The task:
Repeat nothing but the lines below running from the one containing "Saved by Autodesk Inventor 2023" to the one containing "at (21.9206, 3.8831)". Keep both end lines.

Records shown:
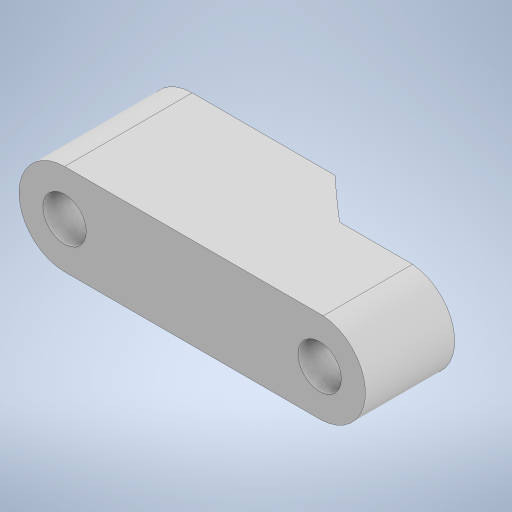
# Autodesk Inventor part: ArmMuscle
Saved by Autodesk Inventor 2023 (Build 270158000, 158)
## iProperties
Created: 2023-06-03
Part Number: ArmMuscle
Material: Ogólny
Document SubType Name: Modeling
Designer: Kamil
Density: 1 g/cm^3
Appearance: Domyślna
Author: Kamil
Autodesk Inventor part; units mm, degrees
ref_plane "YZ Plane" through (0, 0, 0) normal (1, 0, 0) x (0, 1, 0)
ref_plane "XZ Plane" through (0, 0, 0) normal (0, 1, 0) x (-1, 0, 0)
ref_plane "XY Plane" through (0, 0, 0) normal (0, 0, 1) x (1, 0, 0)
sketch "Szkic1" plane through (0, 0, 0) normal (0, 0, 1) x (1, 0, 0)
  line L0 (21.6558, 4.5742) -> (1.0948, 4.5742)
  circle A0 centre (1.3753, 0.9987) radius 3.5755
  circle A1 centre (1.3753, 0.9994) radius 1.7002
  line L1 (1.0948, -2.5758) -> (21.6558, -2.5758)
  circle A2 centre (21.3721, 1.0041) radius 3.5808
  circle A3 centre (21.3763, 0.9967) radius 1.6973
  point P0 (0, 0)
  point P1 (-2.1997, -2.5758)
  point P2 (1.3753, 4.5742)
  point P3 (1.2909, -2.5758)
  point P4 (21.4558, -2.5758)
  point P5 (21.6483, 4.5742)
  constraints: 4 centre point, 4 end point
extrude "Wyciągnięcie proste1" add sketch "Szkic1" along normal blind 10 contours A2 L0 | A2 L1 A0 L0 | A0 picked at (21.9206, 3.8831)
sketch "Szkic2" plane through (0, 0, 0) normal (0, 0, -1) x (-1, 0, 0)
  arc A0 (-17.3627, -1.0651) -> (-17.8563, 4.5702) centre (-20.4272, 1.5058) ccw projected
  line L0 (-17.3627, -1.0651) -> (-21.219, -5.6617) projected
  circle A1 centre (-21.3763, 0.9967) radius 1.6973 projected
  line L1 (-21.3763, 0.9967) -> (-16.4424, 1.8548)
  line L2 (-16.4424, 1.8548) -> (-14.9646, 2.1118)
  circle A2 centre (-21.3763, 0.9967) radius 6.508
  arc A3 (-1.2909, -2.5758) -> (-1.3753, 4.5742) centre (-1.3753, 0.9987) ccw projected
  line L3 (-21.6483, 4.5742) -> (-1.3753, 4.5742) projected
  arc A4 (-21.6483, 4.5742) -> (-21.4558, -2.5758) centre (-21.3721, 1.0041) ccw projected
  line L4 (-1.2909, -2.5758) -> (-21.4558, -2.5758) projected
  circle A5 centre (-1.3753, 0.9994) radius 1.7002 projected
  circle A6 centre (-21.3763, 0.9967) radius 1.6973 projected
  point P0 (0, 0)
  point P1 (-15.9366, -2.5758)
  point P2 (-15.9399, 4.5742)
  dimension "d2" = 1.5
  constraints: 4 end point, 1 coincident, 1 point on circle, 3 other
  measures "d2" distance of L1.end L2.end
extrude "Wyciągnięcie proste2" cut sketch "Szkic2" against normal blind 3 contours L0 L4 A4 L3 A2 L2 A0 | A0 L2 A2 L4 L0
chamfer "Faza1" distance 3 angle 45 1 edges at (14.8684, 0.9997, 0)
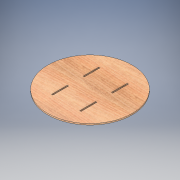
# Autodesk Inventor part: turretBasePlate
Saved by Autodesk Inventor 2018 (Build 220112000, 112)
## iProperties
Created: 2019-02-27
Part Number: turretBasePlate
Material: Generic
Document SubType Name: Modeling
Designer: snipe
Density: 1 g/cm^3
Appearance: Default
Author: snipe
Autodesk Inventor part; units mm, degrees
ref_plane "YZ Plane" through (0, 0, 0) normal (1, 0, 0) x (0, 1, 0)
ref_plane "XZ Plane" through (0, 0, 0) normal (0, 1, 0) x (-1, 0, 0)
ref_plane "XY Plane" through (0, 0, 0) normal (0, 0, 1) x (1, 0, 0)
sketch "Sketch1" plane through (0, 0, 0) normal (0, 1, 0) x (-1, 0, 0)
  circle A0 centre (0, 0) radius 203.2
  line L0 (71.4375, -38.1) -> (65.0875, -38.1)
  line L1 (65.0875, -38.1) -> (65.0875, -114.3)
  line L2 (65.0875, -114.3) -> (71.4375, -114.3)
  line L3 (71.4375, -114.3) -> (71.4375, -38.1)
  line L4 (71.4375, -38.1) -> (65.0875, -114.3) construction
  line L5 (65.0875, -38.1) -> (71.4375, -114.3) construction
  line L6 (71.4375, 114.3) -> (65.0875, 114.3)
  line L7 (65.0875, 114.3) -> (65.0875, 38.1)
  line L8 (65.0875, 38.1) -> (71.4375, 38.1)
  line L9 (71.4375, 38.1) -> (71.4375, 114.3)
  line L10 (71.4375, 114.3) -> (65.0875, 38.1) construction
  line L11 (65.0875, 114.3) -> (71.4375, 38.1) construction
  line L12 (-65.0875, -38.1) -> (-71.4375, -38.1)
  line L13 (-71.4375, -38.1) -> (-71.4375, -114.3)
  line L14 (-71.4375, -114.3) -> (-65.0875, -114.3)
  line L15 (-65.0875, -114.3) -> (-65.0875, -38.1)
  line L16 (-65.0875, -38.1) -> (-71.4375, -114.3) construction
  line L17 (-71.4375, -38.1) -> (-65.0875, -114.3) construction
  line L18 (-65.0875, 114.3) -> (-71.4375, 114.3)
  line L19 (-71.4375, 114.3) -> (-71.4375, 38.1)
  line L20 (-71.4375, 38.1) -> (-65.0875, 38.1)
  line L21 (-65.0875, 38.1) -> (-65.0875, 114.3)
  line L22 (-65.0875, 114.3) -> (-71.4375, 38.1) construction
  line L23 (-71.4375, 114.3) -> (-65.0875, 38.1) construction
  line L24 (0, -284.48) -> (0, 284.48) projected
  line L25 (-284.48, 0) -> (284.48, 0) projected
  point P0 (68.2625, -76.2)
  point P1 (68.2625, 76.2)
  point P2 (-68.2625, -76.2)
  point P3 (-68.2625, 76.2)
  dimension "d0" = 406.4
  dimension "d1" = 6.35
  dimension "d2" = 6.35
  dimension "d3" = 76.2
  dimension "d4" = 6.35
  dimension "d5" = 6.35
  dimension "d6" = 76.2
  dimension "d7" = 76.2
  dimension "d8" = 76.2
  dimension "d9" = 152.4
  dimension "d10" = 152.4
  constraints: 48 end point, 8 midpoint, 8 parallel, 4 horizontal, 4 perpendicular, 2 collinear, 1 centre point, 1 coincident, 3 other
  measures "d0" diameter of A0
  measures "d1" distance of L2.end L1.end
  measures "d2" distance of L8.end L7.end
  measures "d3" distance of L7.end L6.end
  measures "d4" distance of L14.end L13.end
  measures "d5" distance of L20.end L19.end
  measures "d6" distance of L19.end L18.end
  measures "d7" distance of L2.end L0.start
  measures "d8" distance of L12.end L13.end
  measures "d9" distance of point (68.263, 76.2) point (68.263, -76.2)
  measures "d10" distance of point (-68.262, 76.2) point (-68.262, -76.2)
extrude "Extrusion1" add sketch "Sketch1" along normal blind 6.35
body "Solid1"

Written answer:
Saved by Autodesk Inventor 2023 (Build 270158000, 158)
## iProperties
Created: 2023-06-03
Part Number: ArmMuscle
Material: Ogólny
Document SubType Name: Modeling
Designer: Kamil
Density: 1 g/cm^3
Appearance: Domyślna
Author: Kamil
Autodesk Inventor part; units mm, degrees
ref_plane "YZ Plane" through (0, 0, 0) normal (1, 0, 0) x (0, 1, 0)
ref_plane "XZ Plane" through (0, 0, 0) normal (0, 1, 0) x (-1, 0, 0)
ref_plane "XY Plane" through (0, 0, 0) normal (0, 0, 1) x (1, 0, 0)
sketch "Szkic1" plane through (0, 0, 0) normal (0, 0, 1) x (1, 0, 0)
  line L0 (21.6558, 4.5742) -> (1.0948, 4.5742)
  circle A0 centre (1.3753, 0.9987) radius 3.5755
  circle A1 centre (1.3753, 0.9994) radius 1.7002
  line L1 (1.0948, -2.5758) -> (21.6558, -2.5758)
  circle A2 centre (21.3721, 1.0041) radius 3.5808
  circle A3 centre (21.3763, 0.9967) radius 1.6973
  point P0 (0, 0)
  point P1 (-2.1997, -2.5758)
  point P2 (1.3753, 4.5742)
  point P3 (1.2909, -2.5758)
  point P4 (21.4558, -2.5758)
  point P5 (21.6483, 4.5742)
  constraints: 4 centre point, 4 end point
extrude "Wyciągnięcie proste1" add sketch "Szkic1" along normal blind 10 contours A2 L0 | A2 L1 A0 L0 | A0 picked at (21.9206, 3.8831)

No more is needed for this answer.